The use of catalysts: 

A catalyst is a substance that increases the rate at which a reaction proceeds but remains unchanged at the end of a reaction. 

In other words, a catalyst remains unconsumed during a reaction. Enzymes are the catalysts made up from protein and they speed up biochemical reactions. 

How do catalysts increase the speed of a reaction? 
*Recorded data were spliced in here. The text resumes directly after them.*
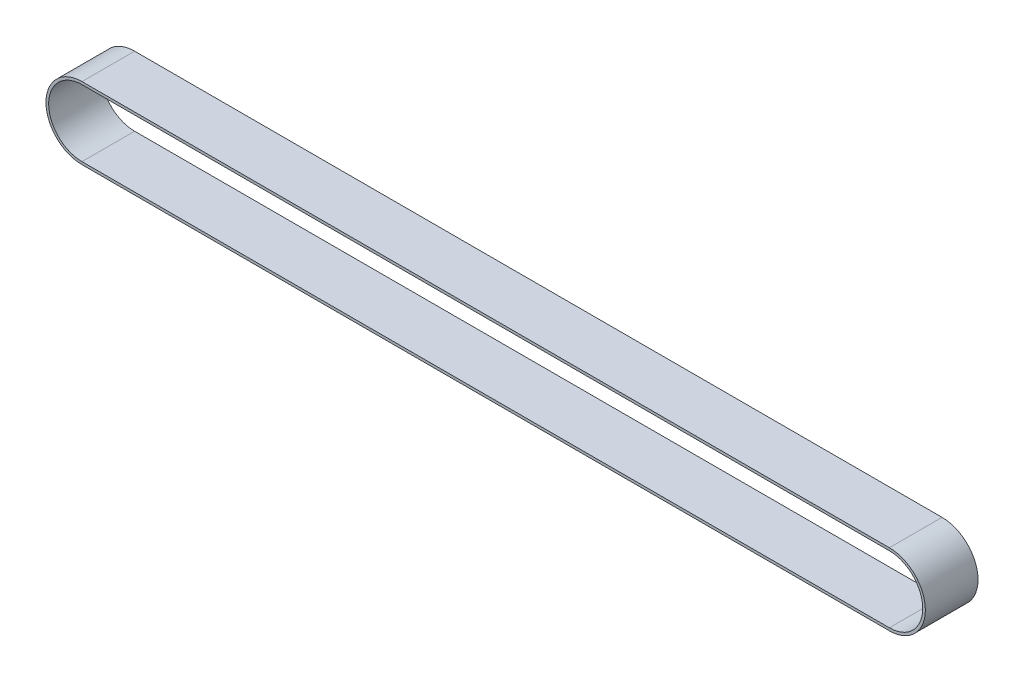
SolidWorks part; units mm, degrees
material "SKD11淬火HRC56-60"
ref_plane "前基準面" through (0, 0, 0) normal (0, 0, 1) x (1, 0, 0)
ref_plane "上基準面" through (0, 0, 0) normal (0, 1, 0) x (1, 0, 0)
ref_plane "右基準面" through (0, 0, 0) normal (1, 0, 0) x (0, 0, -1)
sketch "草图1" plane through (0, 0, 0) normal (0, 0, 1) x (1, 0, 0)
  line L0 (0, 0) -> (460, 0) construction
  line L1 (0, 19) -> (460, 19)
  line L2 (0, -19) -> (460, -19)
  line L3 (0, 20.5) -> (460, 20.5)
  line L4 (0, -20.5) -> (460, -20.5)
  arc A0 (0, 19) -> (0, -19) centre (0, 0) ccw
  arc A1 (460, -19) -> (460, 19) centre (460, 0) ccw
  arc A2 (460, -20.5) -> (460, 20.5) centre (460, 0) ccw
  arc A3 (0, 20.5) -> (0, -20.5) centre (0, 0) ccw
  point P3 (230, 0)
  dimension "D3" = 19
  dimension "D2" = 460
  dimension "D1" = 1.5
extrude "凸台-拉伸1" add sketch "草图1" along normal blind 30

Catalysts lower the activation energy (the energy required for a reaction to proceed) for a reaction. You can also say that a catalyst changed the reaction mechanism. 

Moreover, lowering the activation energy means that bonds are broken down more rapidly and therefore, effective collisions also occur. You should know that catalysts only speed up a reaction but they do not affect the amount (volume) in a reaction. 

For example, we use Iron as a catalyst in the Haber's process (production of ammonia) and Vanadium pentaoxide (V2O5) as a catalyst in the contact process (for the production of sulphuric acid). 

These are some of the factors that affect the rate of a reaction. 

Conclusion:

With this, this article about the speed of reaction has come to an end. I hope that all your questions have been answered. Practice plenty of past paper questions to ace this topic. 

Some of the topics that are covered are listed below for your guidance. 

• How to calculate the speed of a reaction?

• The affect of temperature, pressure, concentration and catalyst on the rate of reaction. 

• How does the particle size influence the rate (speed) of a reaction? 

Thank you very much for reading and staying with me till the end.